▶ Work instructions:
The word to find is "outlineData". Copy each line of the material that contains it.

+++ Data section

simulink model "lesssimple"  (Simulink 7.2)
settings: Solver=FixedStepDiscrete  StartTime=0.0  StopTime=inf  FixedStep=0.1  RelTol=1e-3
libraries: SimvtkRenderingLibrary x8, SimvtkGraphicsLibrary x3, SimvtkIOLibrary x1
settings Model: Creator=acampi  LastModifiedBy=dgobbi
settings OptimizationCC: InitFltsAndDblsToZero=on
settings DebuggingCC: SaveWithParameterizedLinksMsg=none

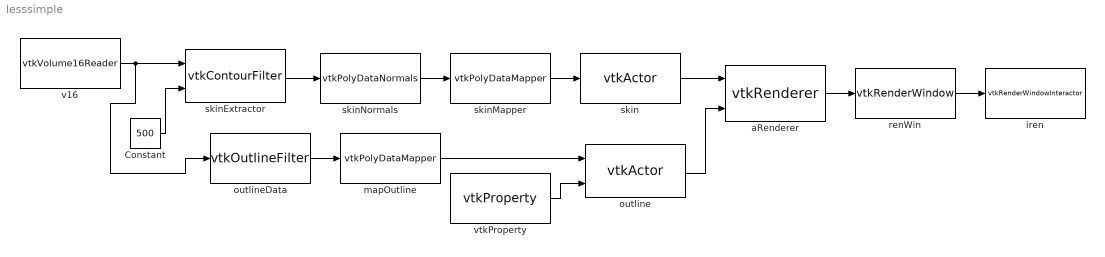
== system lesssimple ==
  Constant : Constant  Value=500  OutDataType=sfix(16)  OutScaling=2^0
  aRenderer : SimvtkRenderingLibrary/vtkRenderer  VTKInputSelf=off  VTKInputActiveCamera=off  VTKInputActor=2  VTKInputActor2D=0  VTKInputCuller=0  VTKInputDelegate=off  VTKInputLight=0  VTKInputProp=0  VTKInputViewProp=0  VTKInputVolume=0  AllocatedRenderTimeInputIndicator=Use Default  VTKParamAllocatedRenderTime=0  AmbientInputIndicator=Use Default  VTKParamAmbient=[0,0,0]  AspectInputIndicator=Use Default  VTKParamAspect=[0,0]  AutomaticLightCreationInputIndicator=Use Default  VTKParamAutomaticLightCreation=0  BackgroundInputIndicator=As Parameter  VTKParamBackground=[0.5,0.5,1]  Background2InputIndicator=Use Default  VTKParamBackground2=[0,0,0]  BackingStoreInputIndicator=Use Default  VTKParamBackingStore=0  DisplayPointInputIndicator=Use Default  VTKParamDisplayPoint=[0,0,0]  DrawInputIndicator=Use Default  VTKParamDraw=0  EraseInputIndicator=Use Default  VTKParamErase=0  GradientBackgroundInputIndicator=Use Default  VTKParamGradientBackground=0  InteractiveInputIndicator=Use Default  VTKParamInteractive=0  IsPickingInputIndicator=off  VTKParamIsPicking=0  LastRenderTimeInSecondsInputIndicator=off  VTKParamLastRenderTimeInSeconds=0  LastRenderingUsedDepthPeelingInputIndicator=off  VTKParamLastRenderingUsedDepthPeeling=0  LayerInputIndicator=Use Default  VTKParamLayer=0  LightFollowCameraInputIndicator=Use Default  VTKParamLightFollowCamera=0  MaximumNumberOfPeelsInputIndicator=Use Default  VTKParamMaximumNumberOfPeels=0  NearClippingPlaneToleranceInputIndicator=Use Default  VTKParamNearClippingPlaneTolerance=0  NearClippingPlaneToleranceMaxValueInputIndicator=off  VTKParamNearClippingPlaneToleranceMaxValue=0  NearClippingPlaneToleranceMinValueInputIndicator=off  VTKParamNearClippingPlaneToleranceMinValue=0  NumberOfPropsRenderedInputIndicator=off  VTKParamNumberOfPropsRendered=0  OcclusionRatioInputIndicator=Use Default  VTKParamOcclusionRatio=0  OcclusionRatioMaxValueInputIndicator=off  VTKParamOcclusionRatioMaxValue=0  OcclusionRatioMinValueInputIndicator=off  VTKParamOcclusionRatioMinValue=0  PickHeightInputIndicator=off  VTKParamPickHeight=0  PickWidthInputIndicator=off  VTKParamPickWidth=0  PickXInputIndicator=off  VTKParamPickX=0  PickX1InputIndicator=off  VTKParamPickX1=0  PickX2InputIndicator=off  VTKParamPickX2=0  PickYInputIndicator=off  VTKParamPickY=0  PickY1InputIndicator=off  VTKParamPickY1=0  PickY2InputIndicator=off  VTKParamPickY2=0  PickedZInputIndicator=off  VTKParamPickedZ=0  PixelAspectInputIndicator=Use Default  VTKParamPixelAspect=[0,0]  PreserveDepthBufferInputIndicator=Use Default  VTKParamPreserveDepthBuffer=0  TiledAspectRatioInputIndicator=off  VTKParamTiledAspectRatio=0  TimeFactorInputIndicator=off  VTKParamTimeFactor=0  TwoSidedLightingInputIndicator=Use Default  VTKParamTwoSidedLighting=0  UseDepthPeelingInputIndicator=Use Default  VTKParamUseDepthPeeling=0  ViewPointInputIndicator=Use Default  VTKParamViewPoint=[0,0,0]  ViewportInputIndicator=Use Default  VTKParamViewport=[0,0,0,0]  WorldPointInputIndicator=Use Default  VTKParamWorldPoint=[0,0,0,0]  VTKOutputSelf=on  VTKOutputActors=off  VTKOutputActors2D=off  VTKOutputCullers=off  VTKOutputLights=off  VTKOutputPickResultProps=off  VTKOutputProps=off  VTKOutputSelector=off  VTKOutputVTKWindow=off  VTKOutputViewProps=off  VTKOutputVolumes=off
  iren : SimvtkRenderingLibrary/vtkRenderWindowInteractor  VTKInputSelf=off  VTKInputInteractorStyle=off  VTKInputPicker=off  VTKInputRenderWindow=on  AltKeyInputIndicator=Use Default  VTKParamAltKey=0  ControlKeyInputIndicator=Use Default  VTKParamControlKey=0  DesiredUpdateRateInputIndicator=Use Default  VTKParamDesiredUpdateRate=0  DesiredUpdateRateMaxValueInputIndicator=off  VTKParamDesiredUpdateRateMaxValue=0  DesiredUpdateRateMinValueInputIndicator=off  VTKParamDesiredUpdateRateMinValue=0  DollyInputIndicator=Use Default  VTKParamDolly=0  EnableRenderInputIndicator=Use Default  VTKParamEnableRender=0  EnabledInputIndicator=off  VTKParamEnabled=0  EventPositionInputIndicator=Use Default  VTKParamEventPosition=[0,0]  EventPositionFlipYInputIndicator=Use Default  VTKParamEventPositionFlipY=[0,0]  EventSizeInputIndicator=Use Default  VTKParamEventSize=[0,0]  InitializedInputIndicator=off  VTKParamInitialized=0  KeyCodeInputIndicator=Use Default  VTKParamKeyCode=0  KeySymInputIndicator=Use Default  VTKParamKeySym=0  LastEventPositionInputIndicator=Use Default  VTKParamLastEventPosition=[0,0]  LightFollowCameraInputIndicator=Use Default  VTKParamLightFollowCamera=0  NumberOfFlyFramesInputIndicator=Use Default  VTKParamNumberOfFlyFrames=0  NumberOfFlyFramesMaxValueInputIndicator=off  VTKParamNumberOfFlyFramesMaxValue=0  NumberOfFlyFramesMinValueInputIndicator=off  VTKParamNumberOfFlyFramesMinValue=0  RepeatCountInputIndicator=Use Default  VTKParamRepeatCount=0  ShiftKeyInputIndicator=Use Default  VTKParamShiftKey=0  SizeInputIndicator=Use Default  VTKParamSize=[0,0]  StillUpdateRateInputIndicator=Use Default  VTKParamStillUpdateRate=0  StillUpdateRateMaxValueInputIndicator=off  VTKParamStillUpdateRateMaxValue=0  StillUpdateRateMinValueInputIndicator=off  VTKParamStillUpdateRateMinValue=0  TimerDurationInputIndicator=Use Default  VTKParamTimerDuration=0  TimerDurationMaxValueInputIndicator=off  VTKParamTimerDurationMaxValue=0  TimerDurationMinValueInputIndicator=off  VTKParamTimerDurationMinValue=0  TimerEventDurationInputIndicator=Use Default  VTKParamTimerEventDuration=0  TimerEventIdInputIndicator=Use Default  VTKParamTimerEventId=0  TimerEventPlatformIdInputIndicator=Use Default  VTKParamTimerEventPlatformId=0  TimerEventTypeInputIndicator=Use Default  VTKParamTimerEventType=0  VTKOutputSelf=off  VTKOutputObserverMediator=off
  mapOutline : SimvtkRenderingLibrary/vtkPolyDataMapper  VTKInputSelf=off  VTKInputClippingPlane=0  VTKInputClippingPlanes=off  VTKInputLookupTable=off  ArrayAccessModeInputIndicator=off  VTKParamArrayAccessMode=0  ArrayComponentInputIndicator=off  VTKParamArrayComponent=0  ArrayIdInputIndicator=off  VTKParamArrayId=0  ArrayNameInputIndicator=off  VTKParamArrayName=0  ColorModeInputIndicator=Use Default  VTKParamColorMode=0  ColorModeAsStringInputIndicator=off  VTKParamColorModeAsString=0  GhostLevelInputIndicator=Use Default  VTKParamGhostLevel=0  ImmediateModeRenderingInputIndicator=Use Default  VTKParamImmediateModeRendering=0  InterpolateScalarsBeforeMappingInputIndicator=Use Default  VTKParamInterpolateScalarsBeforeMapping=0  LengthInputIndicator=off  VTKParamLength=0  NumberOfPiecesInputIndicator=Use Default  VTKParamNumberOfPieces=0  NumberOfSubPiecesInputIndicator=Use Default  VTKParamNumberOfSubPieces=0  PieceInputIndicator=Use Default  VTKParamPiece=0  RenderTimeInputIndicator=Use Default  VTKParamRenderTime=0  ScalarMaterialModeInputIndicator=Use Default  VTKParamScalarMaterialMode=0  ScalarMaterialModeAsStringInputIndicator=off  VTKParamScalarMaterialModeAsString=0  ScalarModeInputIndicator=Use Default  VTKParamScalarMode=0  ScalarModeAsStringInputIndicator=off  VTKParamScalarModeAsString=0  ScalarRangeInputIndicator=Use Default  VTKParamScalarRange=[0,0]  ScalarVisibilityInputIndicator=Use Default  VTKParamScalarVisibility=0  StaticInputIndicator=Use Default  VTKParamStatic=0  SupportsSelectionInputIndicator=off  VTKParamSupportsSelection=0  TimeToDrawInputIndicator=off  VTKParamTimeToDraw=0  UseLookupTableScalarRangeInputIndicator=Use Default  VTKParamUseLookupTableScalarRange=0  VTKOutputSelf=on
  outline : SimvtkRenderingLibrary/vtkActor  VTKInputSelf=off  VTKInputBackfaceProperty=off  VTKInputMapper=on  VTKInputProperty=on  VTKInputPropertyKeys=off  VTKInputTexture=off  VTKInputUserMatrix=off  VTKInputUserTransform=off  DragableInputIndicator=Use Default  VTKParamDragable=0  IsIdentityInputIndicator=off  VTKParamIsIdentity=0  LengthInputIndicator=off  VTKParamLength=0  NumberOfPartsInputIndicator=off  VTKParamNumberOfParts=0  NumberOfPathsInputIndicator=off  VTKParamNumberOfPaths=0  OrientationInputIndicator=Use Default  VTKParamOrientation=[0,0,0]  OriginInputIndicator=Use Default  VTKParamOrigin=[0,0,0]  PickableInputIndicator=Use Default  VTKParamPickable=0  PositionInputIndicator=Use Default  VTKParamPosition=[0,0,0]  RedrawMTimeInputIndicator=off  VTKParamRedrawMTime=0  ScaleInputIndicator=Use Default  VTKParamScale=[0,0,0]  SupportsSelectionInputIndicator=off  VTKParamSupportsSelection=0  UseBoundsInputIndicator=Use Default  VTKParamUseBounds=0  UserTransformMatrixMTimeInputIndicator=off  VTKParamUserTransformMatrixMTime=0  VisibilityInputIndicator=Use Default  VTKParamVisibility=0  VTKOutputSelf=on  VTKOutputMatrix=off  VTKOutputNextPart=off  VTKOutputNextPath=off
  outlineData : SimvtkGraphicsLibrary/vtkOutlineFilter  VTKInputSelf=off  VTKOutputSelf=off
  renWin : SimvtkRenderingLibrary/vtkRenderWindow  VTKInputSelf=off  VTKInputInteractor=off  VTKInputRenderer=1  AAFramesInputIndicator=Use Default  VTKParamAAFrames=0  AbortRenderInputIndicator=Use Default  VTKParamAbortRender=0  AlphaBitPlanesInputIndicator=Use Default  VTKParamAlphaBitPlanes=0  AnaglyphColorMaskInputIndicator=Use Default  VTKParamAnaglyphColorMask=[0,0]  AnaglyphColorSaturationInputIndicator=Use Default  VTKParamAnaglyphColorSaturation=0  AnaglyphColorSaturationMaxValueInputIndicator=off  VTKParamAnaglyphColorSaturationMaxValue=0  AnaglyphColorSaturationMinValueInputIndicator=off  VTKParamAnaglyphColorSaturationMinValue=0  BordersInputIndicator=Use Default  VTKParamBorders=0  CurrentCursorInputIndicator=Use Default  VTKParamCurrentCursor=0  CursorPositionInputIndicator=Use Default  VTKParamCursorPosition=[0,0]  DPIInputIndicator=Use Default  VTKParamDPI=0  DPIMaxValueInputIndicator=off  VTKParamDPIMaxValue=0  DPIMinValueInputIndicator=off  VTKParamDPIMinValue=0  DepthBufferSizeInputIndicator=off  VTKParamDepthBufferSize=0  DesiredUpdateRateInputIndicator=Use Default  VTKParamDesiredUpdateRate=0  DoubleBufferInputIndicator=Use Default  VTKParamDoubleBuffer=0  EraseInputIndicator=Use Default  VTKParamErase=0  EventPendingInputIndicator=off  VTKParamEventPending=0  FDFramesInputIndicator=Use Default  VTKParamFDFrames=0  FullScreenInputIndicator=Use Default  VTKParamFullScreen=0  InAbortCheckInputIndicator=Use Default  VTKParamInAbortCheck=0  IsPickingInputIndicator=Use Default  VTKParamIsPicking=0  LastGraphicErrorStringInputIndicator=off  VTKParamLastGraphicErrorString=0  LineSmoothingInputIndicator=Use Default  VTKParamLineSmoothing=0  MappedInputIndicator=Use Default  VTKParamMapped=0  MultiSamplesInputIndicator=Use Default  VTKParamMultiSamples=0  NeverRenderedInputIndicator=off  VTKParamNeverRendered=0  NextWindowInfoInputIndicator=Use Default  VTKParamNextWindowInfo=0  NumberOfLayersInputIndicator=Use Default  VTKParamNumberOfLayers=0  NumberOfLayersMaxValueInputIndicator=off  VTKParamNumberOfLayersMaxValue=0  NumberOfLayersMinValueInputIndicator=off  VTKParamNumberOfLayersMinValue=0  OffScreenRenderingInputIndicator=Use Default  VTKParamOffScreenRendering=0  ParentInfoInputIndicator=Use Default  VTKParamParentInfo=0  PointSmoothingInputIndicator=Use Default  VTKParamPointSmoothing=0  PolygonSmoothingInputIndicator=Use Default  VTKParamPolygonSmoothing=0  PositionInputIndicator=Use Default  VTKParamPosition=[0,0]  RenderLibraryInputIndicator=off  VTKParamRenderLibrary=0  ReportGraphicErrorsInputIndicator=Use Default  VTKParamReportGraphicErrors=0  SizeInputIndicator=Use Default  VTKParamSize=[640,640]  StencilCapableInputIndicator=Use Default  VTKParamStencilCapable=0  StereoCapableWindowInputIndicator=Use Default  VTKParamStereoCapableWindow=0  StereoRenderInputIndicator=Use Default  VTKParamStereoRender=0  StereoTypeInputIndicator=Use Default  VTKParamStereoType=0  StereoTypeAsStringInputIndicator=off  VTKParamStereoTypeAsString=0  SubFramesInputIndicator=Use Default  VTKParamSubFrames=0  SwapBuffersInputIndicator=Use Default  VTKParamSwapBuffers=0  TileScaleInputIndicator=Use Default  VTKParamTileScale=[0,0]  TileViewportInputIndicator=Use Default  VTKParamTileViewport=[0,0,0,0]  WindowInfoInputIndicator=Use Default  VTKParamWindowInfo=0  WindowNameInputIndicator=Use Default  VTKParamWindowName=0  VTKOutputSelf=on  VTKOutputPainterDeviceAdapter=off  VTKOutputRenderers=off
  skin : SimvtkRenderingLibrary/vtkActor  VTKInputSelf=off  VTKInputBackfaceProperty=off  VTKInputMapper=on  VTKInputProperty=off  VTKInputPropertyKeys=off  VTKInputTexture=off  VTKInputUserMatrix=off  VTKInputUserTransform=off  DragableInputIndicator=Use Default  VTKParamDragable=0  IsIdentityInputIndicator=off  VTKParamIsIdentity=0  LengthInputIndicator=off  VTKParamLength=0  NumberOfPartsInputIndicator=off  VTKParamNumberOfParts=0  NumberOfPathsInputIndicator=off  VTKParamNumberOfPaths=0  OrientationInputIndicator=Use Default  VTKParamOrientation=[0,0,0]  OriginInputIndicator=Use Default  VTKParamOrigin=[0,0,0]  PickableInputIndicator=Use Default  VTKParamPickable=0  PositionInputIndicator=Use Default  VTKParamPosition=[0,0,0]  RedrawMTimeInputIndicator=off  VTKParamRedrawMTime=0  ScaleInputIndicator=Use Default  VTKParamScale=[0,0,0]  SupportsSelectionInputIndicator=off  VTKParamSupportsSelection=0  UseBoundsInputIndicator=Use Default  VTKParamUseBounds=0  UserTransformMatrixMTimeInputIndicator=off  VTKParamUserTransformMatrixMTime=0  VisibilityInputIndicator=Use Default  VTKParamVisibility=0  VTKOutputSelf=on  VTKOutputMatrix=off  VTKOutputNextPart=off  VTKOutputNextPath=off
  skinExtractor : SimvtkGraphicsLibrary/vtkContourFilter  VTKInputSelf=off  VTKInputLocator=off  VTKInputScalarTree=off  ArrayComponentInputIndicator=Use Default  VTKParamArrayComponent=0  ComputeGradientsInputIndicator=Use Default  VTKParamComputeGradients=0  ComputeNormalsInputIndicator=Use Default  VTKParamComputeNormals=0  ComputeScalarsInputIndicator=Use Default  VTKParamComputeScalars=0  NumberOfContoursInputIndicator=Use Default  VTKParamNumberOfContours=0  UseScalarTreeInputIndicator=Use Default  VTKParamUseScalarTree=0  ValueInputIndicator=As Input  VTKParamValue=1  VTKOutputSelf=off
  skinMapper : SimvtkRenderingLibrary/vtkPolyDataMapper  VTKInputSelf=off  VTKInputClippingPlane=0  VTKInputClippingPlanes=off  VTKInputLookupTable=off  ArrayAccessModeInputIndicator=off  VTKParamArrayAccessMode=0  ArrayComponentInputIndicator=off  VTKParamArrayComponent=0  ArrayIdInputIndicator=off  VTKParamArrayId=0  ArrayNameInputIndicator=off  VTKParamArrayName=0  ColorModeInputIndicator=Use Default  VTKParamColorMode=0  ColorModeAsStringInputIndicator=off  VTKParamColorModeAsString=0  GhostLevelInputIndicator=Use Default  VTKParamGhostLevel=0  ImmediateModeRenderingInputIndicator=Use Default  VTKParamImmediateModeRendering=0  InterpolateScalarsBeforeMappingInputIndicator=Use Default  VTKParamInterpolateScalarsBeforeMapping=0  LengthInputIndicator=off  VTKParamLength=0  NumberOfPiecesInputIndicator=Use Default  VTKParamNumberOfPieces=0  NumberOfSubPiecesInputIndicator=Use Default  VTKParamNumberOfSubPieces=0  PieceInputIndicator=Use Default  VTKParamPiece=0  RenderTimeInputIndicator=Use Default  VTKParamRenderTime=0  ScalarMaterialModeInputIndicator=Use Default  VTKParamScalarMaterialMode=0  ScalarMaterialModeAsStringInputIndicator=off  VTKParamScalarMaterialModeAsString=0  ScalarModeInputIndicator=Use Default  VTKParamScalarMode=0  ScalarModeAsStringInputIndicator=off  VTKParamScalarModeAsString=0  ScalarRangeInputIndicator=Use Default  VTKParamScalarRange=[0,0]  ScalarVisibilityInputIndicator=As Parameter  VTKParamScalarVisibility=0  StaticInputIndicator=Use Default  VTKParamStatic=0  SupportsSelectionInputIndicator=off  VTKParamSupportsSelection=0  TimeToDrawInputIndicator=off  VTKParamTimeToDraw=0  UseLookupTableScalarRangeInputIndicator=Use Default  VTKParamUseLookupTableScalarRange=0  VTKOutputSelf=on
  skinNormals : SimvtkGraphicsLibrary/vtkPolyDataNormals  VTKInputSelf=off  AutoOrientNormalsInputIndicator=Use Default  VTKParamAutoOrientNormals=0  ComputeCellNormalsInputIndicator=Use Default  VTKParamComputeCellNormals=0  ComputePointNormalsInputIndicator=Use Default  VTKParamComputePointNormals=0  ConsistencyInputIndicator=Use Default  VTKParamConsistency=0  FeatureAngleInputIndicator=As Parameter  VTKParamFeatureAngle=60  FeatureAngleMaxValueInputIndicator=off  VTKParamFeatureAngleMaxValue=0  FeatureAngleMinValueInputIndicator=off  VTKParamFeatureAngleMinValue=0  FlipNormalsInputIndicator=Use Default  VTKParamFlipNormals=0  NonManifoldTraversalInputIndicator=Use Default  VTKParamNonManifoldTraversal=0  SplittingInputIndicator=Use Default  VTKParamSplitting=0  VTKOutputSelf=off
  v16 : SimvtkIOLibrary/vtkVolume16Reader  VTKInputSelf=off  VTKInputTransform=off  DataByteOrderInputIndicator=As Parameter  VTKParamDataByteOrder=1  DataByteOrderAsStringInputIndicator=off  VTKParamDataByteOrderAsString=0  DataDimensionsInputIndicator=As Parameter  VTKParamDataDimensions=[64,64]  DataMaskInputIndicator=Use Default  VTKParamDataMask=0  DataOriginInputIndicator=Use Default  VTKParamDataOrigin=[0,0,0]  DataSpacingInputIndicator=As Parameter  VTKParamDataSpacing=[3.2,3.2,1.5]  FilePatternInputIndicator=Use Default  VTKParamFilePattern=0  FilePrefixInputIndicator=As Parameter  VTKParamFilePrefix='Data/headsq/quarter'  HeaderSizeInputIndicator=Use Default  VTKParamHeaderSize=0  ImageRangeInputIndicator=As Parameter  VTKParamImageRange=[1,93]  SwapBytesInputIndicator=Use Default  VTKParamSwapBytes=0  VTKOutputSelf=off
  vtkProperty : SimvtkRenderingLibrary/vtkProperty  VTKInputSelf=off  AmbientInputIndicator=Use Default  VTKParamAmbient=0  AmbientColorInputIndicator=Use Default  VTKParamAmbientColor=[0,0,0]  AmbientMaxValueInputIndicator=off  VTKParamAmbientMaxValue=0  AmbientMinValueInputIndicator=off  VTKParamAmbientMinValue=0  BackfaceCullingInputIndicator=Use Default  VTKParamBackfaceCulling=0  ColorInputIndicator=As Parameter  VTKParamColor=[0,0,0]  DiffuseInputIndicator=Use Default  VTKParamDiffuse=0  DiffuseColorInputIndicator=Use Default  VTKParamDiffuseColor=[0,0,0]  DiffuseMaxValueInputIndicator=off  VTKParamDiffuseMaxValue=0  DiffuseMinValueInputIndicator=off  VTKParamDiffuseMinValue=0  EdgeColorInputIndicator=Use Default  VTKParamEdgeColor=[0,0,0]  EdgeVisibilityInputIndicator=Use Default  VTKParamEdgeVisibility=0  FrontfaceCullingInputIndicator=Use Default  VTKParamFrontfaceCulling=0  InterpolationInputIndicator=Use Default  VTKParamInterpolation=0  InterpolationAsStringInputIndicator=off  VTKParamInterpolationAsString=0  InterpolationMaxValueInputIndicator=off  VTKParamInterpolationMaxValue=0  InterpolationMinValueInputIndicator=off  VTKParamInterpolationMinValue=0  LightingInputIndicator=Use Default  VTKParamLighting=0  LineStipplePatternInputIndicator=Use Default  VTKParamLineStipplePattern=0  LineStippleRepeatFactorInputIndicator=Use Default  VTKParamLineStippleRepeatFactor=0  LineStippleRepeatFactorMaxValueInputIndicator=off  VTKParamLineStippleRepeatFactorMaxValue=0  LineStippleRepeatFactorMinValueInputIndicator=off  VTKParamLineStippleRepeatFactorMinValue=0  LineWidthInputIndicator=Use Default  VTKParamLineWidth=0  LineWidthMaxValueInputIndicator=off  VTKParamLineWidthMaxValue=0  LineWidthMinValueInputIndicator=off  VTKParamLineWidthMinValue=0  NumberOfTexturesInputIndicator=off  VTKParamNumberOfTextures=0  OpacityInputIndicator=Use Default  VTKParamOpacity=0  OpacityMaxValueInputIndicator=off  VTKParamOpacityMaxValue=0  OpacityMinValueInputIndicator=off  VTKParamOpacityMinValue=0  PointSizeInputIndicator=Use Default  VTKParamPointSize=0  PointSizeMaxValueInputIndicator=off  VTKParamPointSizeMaxValue=0  PointSizeMinValueInputIndicator=off  VTKParamPointSizeMinValue=0  RepresentationInputIndicator=Use Default  VTKParamRepresentation=0  RepresentationAsStringInputIndicator=off  VTKParamRepresentationAsString=0  RepresentationMaxValueInputIndicator=off  VTKParamRepresentationMaxValue=0  RepresentationMinValueInputIndicator=off  VTKParamRepresentationMinValue=0  ShadingInputIndicator=Use Default  VTKParamShading=0  SpecularInputIndicator=Use Default  VTKParamSpecular=0  SpecularColorInputIndicator=Use Default  VTKParamSpecularColor=[0,0,0]  SpecularMaxValueInputIndicator=off  VTKParamSpecularMaxValue=0  SpecularMinValueInputIndicator=off  VTKParamSpecularMinValue=0  SpecularPowerInputIndicator=Use Default  VTKParamSpecularPower=0  SpecularPowerMaxValueInputIndicator=off  VTKParamSpecularPowerMaxValue=0  SpecularPowerMinValueInputIndicator=off  VTKParamSpecularPowerMinValue=0  VTKOutputSelf=on  VTKOutputMaterial=off
  wires:
  Constant/1 -> skinExtractor/2
  skinExtractor/1 -> skinNormals/1
  skinNormals/1 -> skinMapper/1
  skinMapper/1 -> skin/1
  outlineData/1 -> mapOutline/1
  mapOutline/1 -> outline/1
  outline/1 -> aRenderer/2
  skin/1 -> aRenderer/1
  aRenderer/1 -> renWin/1
  renWin/1 -> iren/1
  vtkProperty/1 -> outline/2
  v16/1 -> skinExtractor/1, outlineData/1

++++++

▶ Solution:
  outlineData : SimvtkGraphicsLibrary/vtkOutlineFilter  VTKInputSelf=off  VTKOutputSelf=off
  outlineData/1 -> mapOutline/1
  v16/1 -> skinExtractor/1, outlineData/1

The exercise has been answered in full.